PDK-aware degradation: GET /api/env detects ngspice and the PDK. When the PDK is absent the status bar shows a "PDK missing — replay only" pill and live Start is disabled (steered to checkpoint Replay); score shaping, replay/compare, the wizard, and the pipeline view all still work fully.

For UI architecture, the full API table, and troubleshooting, see ui/README.md.


Run in Docker (portable, bundled PDK)

For collaborators who don't have ngspice or the IHP PDK installed, the repo ships a self-contained two-container stack. The backend image compiles ngspice from source and, by default, compiles the IHP ihp-sg13g2 OSDI compact models from the vendored Verilog-A for the host architecture — so it runs native on both x86-64 and arm64 (incl. Apple silicon), no emulation, and live SPICE works out of the box with no host install and no multi-GB EDA image. torch resolves to CPU-only wheels (no CUDA). The PDK device models + Verilog-A are vendored under docker/pdk/ (Apache-2.0).

Set OSDI_MODE=vendor to skip the openvaf build and reuse the committed prebuilt x86-64 OSDI instead (faster build, x86-64/emulation only).

cp .env.example .env          # optional — defaults work as-is
docker compose up --build     # builds both images, starts the stack
# open http://localhost:4000

Everything is configurable through .env (loaded automatically by Compose):

Variable Default Purpose
WORKDIR ./work Host dir bind-mounted at /work (your projects + outputs). Set to any drive, e.g. /mnt/data/spicex.
UID / GID 1000 On Linux, set to $(id -u)/$(id -g) so files written to WORKDIR are owned by you, not root.
FRONTEND_PORT / BACKEND_PORT 4000 / 8000 Host ports.
LOG_LEVEL INFO spicexplorer console log level.
OSDI_MODE compile compile = build OSDI from Verilog-A for the host arch (native everywhere). vendor = reuse prebuilt x86-64 OSDI (faster, x86-64 only).
INSTALL_AGENTS false Install the agents dependency extra into the backend image (for the future LLM-agent layer; rebuild required).
ANTHROPIC_API_KEY, OPENAI_API_KEY, … (unset) Passed into the backend at runtime only — never baked into the image. For the agent layer.

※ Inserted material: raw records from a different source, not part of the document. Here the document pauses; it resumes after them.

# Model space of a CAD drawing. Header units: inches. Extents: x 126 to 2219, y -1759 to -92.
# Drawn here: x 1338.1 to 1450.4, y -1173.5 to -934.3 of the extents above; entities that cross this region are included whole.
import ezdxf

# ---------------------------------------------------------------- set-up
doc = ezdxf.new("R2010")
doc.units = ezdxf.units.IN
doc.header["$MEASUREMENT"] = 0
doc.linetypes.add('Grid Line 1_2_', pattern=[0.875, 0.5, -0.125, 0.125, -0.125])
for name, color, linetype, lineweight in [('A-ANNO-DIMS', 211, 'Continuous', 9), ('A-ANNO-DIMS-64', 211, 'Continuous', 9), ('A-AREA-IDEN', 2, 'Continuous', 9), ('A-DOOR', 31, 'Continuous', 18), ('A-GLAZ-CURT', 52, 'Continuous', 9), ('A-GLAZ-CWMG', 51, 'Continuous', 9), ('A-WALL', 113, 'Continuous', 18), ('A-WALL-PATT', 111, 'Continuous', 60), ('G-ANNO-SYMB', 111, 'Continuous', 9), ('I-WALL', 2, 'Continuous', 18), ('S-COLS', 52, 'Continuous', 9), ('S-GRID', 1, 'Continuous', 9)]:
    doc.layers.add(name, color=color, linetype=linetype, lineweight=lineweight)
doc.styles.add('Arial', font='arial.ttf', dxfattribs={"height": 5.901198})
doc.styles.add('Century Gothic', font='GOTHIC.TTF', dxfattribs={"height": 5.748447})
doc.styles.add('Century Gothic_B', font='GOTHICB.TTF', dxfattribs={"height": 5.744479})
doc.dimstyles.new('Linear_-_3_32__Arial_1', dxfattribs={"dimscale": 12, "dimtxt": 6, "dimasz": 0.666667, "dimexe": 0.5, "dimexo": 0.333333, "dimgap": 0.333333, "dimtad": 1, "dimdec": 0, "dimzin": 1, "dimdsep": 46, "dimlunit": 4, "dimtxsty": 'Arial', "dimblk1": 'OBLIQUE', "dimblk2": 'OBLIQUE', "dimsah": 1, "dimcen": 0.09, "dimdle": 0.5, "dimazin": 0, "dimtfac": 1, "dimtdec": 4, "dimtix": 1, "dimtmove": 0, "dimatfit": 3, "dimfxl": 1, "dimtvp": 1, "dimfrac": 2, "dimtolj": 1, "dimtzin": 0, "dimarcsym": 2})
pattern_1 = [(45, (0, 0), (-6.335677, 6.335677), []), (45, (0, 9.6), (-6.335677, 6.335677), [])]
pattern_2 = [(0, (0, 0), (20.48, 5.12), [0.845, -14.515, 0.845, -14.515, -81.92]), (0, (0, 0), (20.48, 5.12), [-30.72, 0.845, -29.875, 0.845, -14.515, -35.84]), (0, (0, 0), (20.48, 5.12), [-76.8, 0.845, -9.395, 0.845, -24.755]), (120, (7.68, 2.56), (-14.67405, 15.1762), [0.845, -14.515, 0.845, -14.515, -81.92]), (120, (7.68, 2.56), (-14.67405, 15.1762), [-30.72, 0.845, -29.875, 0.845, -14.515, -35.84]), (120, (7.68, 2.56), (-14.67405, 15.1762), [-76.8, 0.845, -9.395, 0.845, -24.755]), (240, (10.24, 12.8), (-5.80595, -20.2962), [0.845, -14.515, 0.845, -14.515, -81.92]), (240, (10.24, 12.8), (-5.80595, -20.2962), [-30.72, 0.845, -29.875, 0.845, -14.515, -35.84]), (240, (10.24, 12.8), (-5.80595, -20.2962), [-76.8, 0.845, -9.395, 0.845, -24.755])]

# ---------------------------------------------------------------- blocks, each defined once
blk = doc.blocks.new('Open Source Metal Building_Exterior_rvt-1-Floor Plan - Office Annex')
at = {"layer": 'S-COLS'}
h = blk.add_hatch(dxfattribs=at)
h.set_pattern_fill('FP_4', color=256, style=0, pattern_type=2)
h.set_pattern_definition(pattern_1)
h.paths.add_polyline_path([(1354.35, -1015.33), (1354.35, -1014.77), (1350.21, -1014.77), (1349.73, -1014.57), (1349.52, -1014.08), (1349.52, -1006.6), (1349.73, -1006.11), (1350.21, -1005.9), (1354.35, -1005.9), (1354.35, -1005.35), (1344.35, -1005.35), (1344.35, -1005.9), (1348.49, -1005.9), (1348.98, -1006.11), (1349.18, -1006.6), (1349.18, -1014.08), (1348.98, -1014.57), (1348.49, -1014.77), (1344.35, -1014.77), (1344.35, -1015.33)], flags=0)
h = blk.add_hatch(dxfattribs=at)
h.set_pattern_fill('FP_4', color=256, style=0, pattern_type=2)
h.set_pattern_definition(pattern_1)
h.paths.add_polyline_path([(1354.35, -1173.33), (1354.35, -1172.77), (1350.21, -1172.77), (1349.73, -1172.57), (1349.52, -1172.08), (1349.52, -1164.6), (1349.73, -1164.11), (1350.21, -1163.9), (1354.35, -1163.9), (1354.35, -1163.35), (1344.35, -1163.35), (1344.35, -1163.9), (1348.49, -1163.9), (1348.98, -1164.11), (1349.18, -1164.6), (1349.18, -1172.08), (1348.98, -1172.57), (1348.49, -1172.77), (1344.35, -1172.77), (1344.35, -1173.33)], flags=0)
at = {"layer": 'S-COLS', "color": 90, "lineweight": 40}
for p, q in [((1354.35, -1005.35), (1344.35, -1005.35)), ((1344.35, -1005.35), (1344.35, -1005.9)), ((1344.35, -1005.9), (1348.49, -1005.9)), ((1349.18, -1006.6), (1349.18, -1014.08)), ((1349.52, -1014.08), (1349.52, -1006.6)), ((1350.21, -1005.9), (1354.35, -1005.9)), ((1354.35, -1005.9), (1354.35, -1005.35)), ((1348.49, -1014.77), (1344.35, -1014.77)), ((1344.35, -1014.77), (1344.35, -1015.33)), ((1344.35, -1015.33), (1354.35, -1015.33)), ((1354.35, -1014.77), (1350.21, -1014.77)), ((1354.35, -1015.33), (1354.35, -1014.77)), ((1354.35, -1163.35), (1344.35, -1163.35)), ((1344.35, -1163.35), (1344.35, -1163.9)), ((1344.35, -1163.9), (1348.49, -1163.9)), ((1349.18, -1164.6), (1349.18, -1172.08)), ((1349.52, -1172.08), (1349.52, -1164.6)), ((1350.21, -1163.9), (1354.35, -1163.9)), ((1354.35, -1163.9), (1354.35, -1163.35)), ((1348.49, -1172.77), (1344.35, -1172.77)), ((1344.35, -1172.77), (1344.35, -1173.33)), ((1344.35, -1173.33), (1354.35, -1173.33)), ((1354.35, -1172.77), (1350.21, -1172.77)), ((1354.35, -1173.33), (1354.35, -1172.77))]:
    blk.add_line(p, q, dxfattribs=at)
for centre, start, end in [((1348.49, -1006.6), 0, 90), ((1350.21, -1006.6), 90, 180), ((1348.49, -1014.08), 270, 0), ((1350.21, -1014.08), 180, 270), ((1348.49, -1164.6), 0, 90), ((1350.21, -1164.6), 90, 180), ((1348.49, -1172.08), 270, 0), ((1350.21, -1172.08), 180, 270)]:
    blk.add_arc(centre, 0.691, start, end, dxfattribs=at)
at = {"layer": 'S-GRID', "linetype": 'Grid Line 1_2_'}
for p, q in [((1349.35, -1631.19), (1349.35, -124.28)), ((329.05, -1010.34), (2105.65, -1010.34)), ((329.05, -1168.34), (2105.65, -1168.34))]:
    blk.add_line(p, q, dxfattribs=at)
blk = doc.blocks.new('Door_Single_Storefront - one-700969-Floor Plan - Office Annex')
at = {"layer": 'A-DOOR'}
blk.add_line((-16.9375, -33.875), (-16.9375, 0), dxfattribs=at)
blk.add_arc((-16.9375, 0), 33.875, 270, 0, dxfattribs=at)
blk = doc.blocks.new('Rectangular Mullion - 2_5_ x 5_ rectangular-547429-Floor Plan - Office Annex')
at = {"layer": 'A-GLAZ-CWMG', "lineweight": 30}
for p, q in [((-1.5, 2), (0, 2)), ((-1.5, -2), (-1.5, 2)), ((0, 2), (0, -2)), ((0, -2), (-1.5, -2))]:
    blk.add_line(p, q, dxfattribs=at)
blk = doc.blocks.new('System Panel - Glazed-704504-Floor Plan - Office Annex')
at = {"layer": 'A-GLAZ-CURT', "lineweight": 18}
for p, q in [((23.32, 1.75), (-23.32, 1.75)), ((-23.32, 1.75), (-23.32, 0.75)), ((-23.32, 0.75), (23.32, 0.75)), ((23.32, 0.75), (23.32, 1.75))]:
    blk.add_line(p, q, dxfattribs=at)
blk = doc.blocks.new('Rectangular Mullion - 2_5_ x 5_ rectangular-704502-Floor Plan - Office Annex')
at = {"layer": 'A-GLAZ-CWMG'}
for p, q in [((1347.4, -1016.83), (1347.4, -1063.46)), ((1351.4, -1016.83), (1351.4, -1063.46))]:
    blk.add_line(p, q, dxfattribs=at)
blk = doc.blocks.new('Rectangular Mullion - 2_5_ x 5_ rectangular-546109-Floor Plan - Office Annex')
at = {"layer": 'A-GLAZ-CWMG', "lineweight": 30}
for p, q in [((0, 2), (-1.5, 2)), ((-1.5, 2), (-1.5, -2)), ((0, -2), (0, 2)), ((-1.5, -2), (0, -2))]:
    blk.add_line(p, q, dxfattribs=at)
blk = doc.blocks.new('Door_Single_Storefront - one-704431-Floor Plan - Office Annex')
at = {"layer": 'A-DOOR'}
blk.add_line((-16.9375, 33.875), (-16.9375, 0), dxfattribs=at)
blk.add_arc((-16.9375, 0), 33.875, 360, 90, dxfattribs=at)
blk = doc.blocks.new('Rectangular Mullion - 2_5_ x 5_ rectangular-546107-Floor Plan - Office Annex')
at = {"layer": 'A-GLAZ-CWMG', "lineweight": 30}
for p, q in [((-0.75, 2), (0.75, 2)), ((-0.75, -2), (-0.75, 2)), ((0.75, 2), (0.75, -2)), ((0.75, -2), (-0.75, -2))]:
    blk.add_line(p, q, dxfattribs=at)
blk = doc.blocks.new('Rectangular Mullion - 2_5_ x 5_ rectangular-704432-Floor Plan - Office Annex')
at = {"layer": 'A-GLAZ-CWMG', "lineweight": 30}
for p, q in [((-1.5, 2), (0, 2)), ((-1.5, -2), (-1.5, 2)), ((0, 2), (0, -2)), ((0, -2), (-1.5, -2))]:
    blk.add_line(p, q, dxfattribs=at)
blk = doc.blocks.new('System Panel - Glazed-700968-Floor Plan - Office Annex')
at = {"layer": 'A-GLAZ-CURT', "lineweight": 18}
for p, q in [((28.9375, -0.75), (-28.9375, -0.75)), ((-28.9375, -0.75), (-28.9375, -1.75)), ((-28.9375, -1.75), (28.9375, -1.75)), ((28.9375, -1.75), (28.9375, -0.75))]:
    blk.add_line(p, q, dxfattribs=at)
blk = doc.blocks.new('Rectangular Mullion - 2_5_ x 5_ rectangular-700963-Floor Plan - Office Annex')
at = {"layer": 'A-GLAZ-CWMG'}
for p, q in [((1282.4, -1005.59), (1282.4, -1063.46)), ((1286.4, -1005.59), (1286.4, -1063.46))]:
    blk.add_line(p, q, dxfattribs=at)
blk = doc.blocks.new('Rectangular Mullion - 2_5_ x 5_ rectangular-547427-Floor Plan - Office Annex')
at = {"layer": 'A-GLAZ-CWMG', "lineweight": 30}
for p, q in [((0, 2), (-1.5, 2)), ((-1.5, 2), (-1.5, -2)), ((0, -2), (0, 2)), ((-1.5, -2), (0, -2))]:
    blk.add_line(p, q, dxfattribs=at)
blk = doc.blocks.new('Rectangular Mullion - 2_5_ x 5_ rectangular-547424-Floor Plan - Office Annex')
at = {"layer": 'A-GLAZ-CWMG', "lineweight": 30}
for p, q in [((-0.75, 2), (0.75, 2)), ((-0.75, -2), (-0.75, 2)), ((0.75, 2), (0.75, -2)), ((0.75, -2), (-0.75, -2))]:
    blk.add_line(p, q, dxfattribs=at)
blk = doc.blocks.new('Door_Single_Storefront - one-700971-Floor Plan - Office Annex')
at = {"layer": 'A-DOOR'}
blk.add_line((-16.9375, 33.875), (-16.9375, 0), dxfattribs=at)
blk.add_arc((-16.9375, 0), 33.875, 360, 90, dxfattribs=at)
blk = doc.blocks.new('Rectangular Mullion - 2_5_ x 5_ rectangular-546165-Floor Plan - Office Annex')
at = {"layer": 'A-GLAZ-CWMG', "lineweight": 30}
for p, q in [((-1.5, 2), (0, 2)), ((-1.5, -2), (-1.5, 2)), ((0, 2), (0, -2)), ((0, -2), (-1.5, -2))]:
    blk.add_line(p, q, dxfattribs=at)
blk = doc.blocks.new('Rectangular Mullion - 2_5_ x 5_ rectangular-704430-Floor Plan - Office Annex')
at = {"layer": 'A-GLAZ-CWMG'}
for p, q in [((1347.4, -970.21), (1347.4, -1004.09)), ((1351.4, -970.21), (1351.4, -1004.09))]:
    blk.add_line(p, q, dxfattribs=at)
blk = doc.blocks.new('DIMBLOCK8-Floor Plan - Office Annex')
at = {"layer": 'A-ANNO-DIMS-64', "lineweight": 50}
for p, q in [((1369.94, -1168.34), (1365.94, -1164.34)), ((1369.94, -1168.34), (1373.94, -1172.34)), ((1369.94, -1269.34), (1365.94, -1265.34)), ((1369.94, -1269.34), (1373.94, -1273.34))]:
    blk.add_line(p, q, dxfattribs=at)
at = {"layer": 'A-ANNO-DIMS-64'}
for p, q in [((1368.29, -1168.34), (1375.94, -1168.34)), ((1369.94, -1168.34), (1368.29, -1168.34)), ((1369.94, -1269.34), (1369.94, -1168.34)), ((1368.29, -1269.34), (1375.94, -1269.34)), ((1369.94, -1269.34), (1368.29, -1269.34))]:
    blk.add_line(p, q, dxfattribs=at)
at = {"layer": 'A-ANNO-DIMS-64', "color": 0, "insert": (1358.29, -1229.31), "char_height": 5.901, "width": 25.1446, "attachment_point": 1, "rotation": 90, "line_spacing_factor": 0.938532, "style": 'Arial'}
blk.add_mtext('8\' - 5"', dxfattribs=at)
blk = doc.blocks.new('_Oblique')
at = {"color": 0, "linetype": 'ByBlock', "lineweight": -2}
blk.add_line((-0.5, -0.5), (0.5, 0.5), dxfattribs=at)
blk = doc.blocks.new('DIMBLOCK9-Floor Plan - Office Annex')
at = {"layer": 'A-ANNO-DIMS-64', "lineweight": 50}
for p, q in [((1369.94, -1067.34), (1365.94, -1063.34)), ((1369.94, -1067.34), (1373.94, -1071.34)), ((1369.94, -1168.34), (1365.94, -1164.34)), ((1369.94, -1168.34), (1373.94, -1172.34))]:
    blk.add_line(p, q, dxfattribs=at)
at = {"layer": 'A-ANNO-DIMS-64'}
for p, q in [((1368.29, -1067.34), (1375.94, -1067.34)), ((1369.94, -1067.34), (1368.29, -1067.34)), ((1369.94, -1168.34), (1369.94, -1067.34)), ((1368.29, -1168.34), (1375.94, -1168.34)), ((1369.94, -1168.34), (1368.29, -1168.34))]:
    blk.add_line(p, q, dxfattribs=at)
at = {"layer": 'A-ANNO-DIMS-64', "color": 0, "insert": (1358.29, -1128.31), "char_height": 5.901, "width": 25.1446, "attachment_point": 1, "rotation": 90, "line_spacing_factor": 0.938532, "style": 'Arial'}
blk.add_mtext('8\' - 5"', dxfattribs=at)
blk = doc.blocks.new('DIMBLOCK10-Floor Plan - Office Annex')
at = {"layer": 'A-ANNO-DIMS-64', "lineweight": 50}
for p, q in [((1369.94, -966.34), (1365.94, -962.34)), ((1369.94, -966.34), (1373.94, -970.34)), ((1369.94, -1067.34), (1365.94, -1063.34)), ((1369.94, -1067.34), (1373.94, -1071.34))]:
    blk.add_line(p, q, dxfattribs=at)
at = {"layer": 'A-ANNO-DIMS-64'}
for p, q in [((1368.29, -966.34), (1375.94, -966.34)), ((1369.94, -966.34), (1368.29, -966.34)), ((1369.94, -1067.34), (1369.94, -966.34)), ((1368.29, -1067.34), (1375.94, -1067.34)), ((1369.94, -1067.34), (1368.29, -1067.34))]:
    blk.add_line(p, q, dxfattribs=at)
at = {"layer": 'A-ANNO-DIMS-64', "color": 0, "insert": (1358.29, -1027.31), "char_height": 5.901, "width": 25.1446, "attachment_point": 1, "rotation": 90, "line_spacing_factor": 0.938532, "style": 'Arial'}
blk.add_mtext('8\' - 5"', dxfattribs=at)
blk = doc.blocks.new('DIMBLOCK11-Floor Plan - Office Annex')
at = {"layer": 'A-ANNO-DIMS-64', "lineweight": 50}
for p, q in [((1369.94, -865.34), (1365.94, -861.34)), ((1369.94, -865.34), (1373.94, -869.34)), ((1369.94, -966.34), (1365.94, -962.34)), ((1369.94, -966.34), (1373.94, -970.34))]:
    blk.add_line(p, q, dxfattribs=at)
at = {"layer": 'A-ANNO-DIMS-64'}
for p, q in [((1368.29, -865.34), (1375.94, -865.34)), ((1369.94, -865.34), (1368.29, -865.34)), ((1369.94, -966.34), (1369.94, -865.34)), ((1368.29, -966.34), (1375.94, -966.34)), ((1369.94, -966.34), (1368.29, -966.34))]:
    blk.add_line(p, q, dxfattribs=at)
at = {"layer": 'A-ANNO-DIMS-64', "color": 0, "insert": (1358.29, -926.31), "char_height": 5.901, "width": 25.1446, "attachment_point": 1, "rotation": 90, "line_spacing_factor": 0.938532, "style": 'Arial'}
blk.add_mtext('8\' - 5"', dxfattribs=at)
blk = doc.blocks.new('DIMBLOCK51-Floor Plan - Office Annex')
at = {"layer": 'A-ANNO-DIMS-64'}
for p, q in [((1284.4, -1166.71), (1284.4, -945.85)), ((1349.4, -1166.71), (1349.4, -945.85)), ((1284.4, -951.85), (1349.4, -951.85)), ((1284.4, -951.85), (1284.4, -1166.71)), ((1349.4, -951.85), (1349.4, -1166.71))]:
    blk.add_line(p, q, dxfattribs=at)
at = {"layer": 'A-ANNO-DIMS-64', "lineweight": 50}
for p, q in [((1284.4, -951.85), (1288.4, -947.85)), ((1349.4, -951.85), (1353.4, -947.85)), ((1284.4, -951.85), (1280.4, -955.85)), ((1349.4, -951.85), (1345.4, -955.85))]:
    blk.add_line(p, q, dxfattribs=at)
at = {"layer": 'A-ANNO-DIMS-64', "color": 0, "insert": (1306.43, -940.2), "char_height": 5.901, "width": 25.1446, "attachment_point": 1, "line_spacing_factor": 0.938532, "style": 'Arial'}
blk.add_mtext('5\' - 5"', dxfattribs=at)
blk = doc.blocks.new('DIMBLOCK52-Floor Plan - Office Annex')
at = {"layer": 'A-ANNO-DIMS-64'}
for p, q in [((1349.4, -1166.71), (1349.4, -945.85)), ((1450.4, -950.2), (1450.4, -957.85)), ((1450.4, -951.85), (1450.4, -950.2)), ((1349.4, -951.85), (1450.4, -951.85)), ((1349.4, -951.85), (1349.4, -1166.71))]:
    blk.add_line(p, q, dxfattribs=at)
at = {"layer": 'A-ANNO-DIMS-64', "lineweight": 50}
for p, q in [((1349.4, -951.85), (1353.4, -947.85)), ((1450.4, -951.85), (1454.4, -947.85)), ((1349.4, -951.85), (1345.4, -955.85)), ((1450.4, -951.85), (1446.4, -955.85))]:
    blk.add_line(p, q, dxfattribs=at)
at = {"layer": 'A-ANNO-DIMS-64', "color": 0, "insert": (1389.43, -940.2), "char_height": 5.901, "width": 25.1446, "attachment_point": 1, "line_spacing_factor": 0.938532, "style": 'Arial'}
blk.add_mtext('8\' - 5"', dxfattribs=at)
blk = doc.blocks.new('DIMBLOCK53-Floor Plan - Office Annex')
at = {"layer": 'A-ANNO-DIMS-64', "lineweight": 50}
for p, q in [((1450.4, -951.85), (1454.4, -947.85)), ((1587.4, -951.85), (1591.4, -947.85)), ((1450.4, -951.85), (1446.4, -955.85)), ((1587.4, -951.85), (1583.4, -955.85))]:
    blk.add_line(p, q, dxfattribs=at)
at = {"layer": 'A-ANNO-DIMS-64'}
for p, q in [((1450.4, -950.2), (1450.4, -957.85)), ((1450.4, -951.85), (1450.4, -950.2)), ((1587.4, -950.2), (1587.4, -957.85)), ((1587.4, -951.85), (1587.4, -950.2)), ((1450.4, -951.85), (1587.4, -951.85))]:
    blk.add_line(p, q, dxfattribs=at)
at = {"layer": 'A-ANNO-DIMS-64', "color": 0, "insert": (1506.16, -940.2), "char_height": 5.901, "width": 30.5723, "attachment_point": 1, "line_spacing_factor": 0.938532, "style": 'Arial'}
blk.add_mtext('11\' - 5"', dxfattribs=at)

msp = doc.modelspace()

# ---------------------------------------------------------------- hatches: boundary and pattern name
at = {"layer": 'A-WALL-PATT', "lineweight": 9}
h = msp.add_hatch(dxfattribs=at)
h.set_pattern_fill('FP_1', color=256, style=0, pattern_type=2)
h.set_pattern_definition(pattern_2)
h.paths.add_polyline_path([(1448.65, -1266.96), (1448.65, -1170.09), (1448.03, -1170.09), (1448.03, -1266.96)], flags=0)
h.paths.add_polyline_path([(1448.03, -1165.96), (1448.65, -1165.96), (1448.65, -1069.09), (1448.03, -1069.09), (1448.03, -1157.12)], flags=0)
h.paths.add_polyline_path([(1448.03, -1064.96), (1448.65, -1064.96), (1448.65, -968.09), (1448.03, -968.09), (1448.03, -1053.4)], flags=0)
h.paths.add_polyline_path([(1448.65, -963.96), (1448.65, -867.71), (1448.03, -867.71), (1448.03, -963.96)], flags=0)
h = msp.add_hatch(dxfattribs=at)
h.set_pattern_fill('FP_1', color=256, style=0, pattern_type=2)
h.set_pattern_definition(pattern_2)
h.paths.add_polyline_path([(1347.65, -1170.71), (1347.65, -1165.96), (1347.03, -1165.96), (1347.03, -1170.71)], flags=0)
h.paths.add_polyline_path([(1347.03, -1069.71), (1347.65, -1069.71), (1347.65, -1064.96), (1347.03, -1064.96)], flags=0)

To persist a run's outputs to the host, put your project_setup.yaml + netlists under WORKDIR and point the run's ws_root at /work.

This is complementary to scripts/run_newcas_ui.sh: keep the script for fast native iteration on a machine that already has ngspice + the PDK (e.g. the research server); use the container for portability and as a reproducible artifact. See doc/PLAN_STUDIO_INTEGRATION.md or the file headers in docker/ for build details.


The YAML project DSL

A run is defined by one project_setup.yaml, loaded through Project_Setup.from_yaml(...) into the typed dataclasses in src/spicexplorer/core/domains.py. Abbreviated:

project:
  name: CASCODE-OTA
  simulator: ngspice
  ws_root: ..                          # workspace root (see "Portable paths" below)
  netlist: spice/ota-improved.spice    # paths below are relative to ws_root
  outdir:  spice/temp_spice_out

  tech_spec:
    name: ihp-sg13g2
    constraints:                       # named limits, referenceable elsewhere in the file
      min_nfet_l: 0.18u
      max_nfet_l: 10u
      max_nfet_w: 200u

  pvt_corners:                         # PVT operating point(s) for the run
    - temp: 25
      corner: tt
      supply: 1.5

  dut_params:                          # design variables to size
    - name: X_DUT_M1M2_L
      min_val: min_nfet_l              # resolved from tech_spec.constraints
      max_val: max_nfet_l
    - name: X_DUT_M5_NG
      min_val: 1
      max_val: 5
      is_integer: true

  testbenches:                         # one or more enabled SPICE testbenches
    - name: tb_ac
      netlist: spice/ota-improved_tb-loopgain.spice
      enable: true
      params:
        - name: CL
          val: 50f

  optimizer_config:
    type: nevergrad
    name: LogBFGSCMAPlus
    budget: 2000
    target_specs:                      # what gets measured and scored
      - name: ugf
        testbench: tb_ac
        sim_type: ac                   # dc | ac | tran | noise | op | noise_spectrum
        goal: exceed                   # exact | exceed | minimize
        target: 200e6
        tolerance: 10e6
        weight: 100.0

Top-level sections: project (metadata + workspace-relative paths), tech_spec (name, named technology constraints, and the planned pvt_map — see Roadmap), pvt_corners (PVT operating points), dut_params (design variables), testbenches (enabled SPICE decks + param overrides), and optimizer_config (optimizer settings + target_specs).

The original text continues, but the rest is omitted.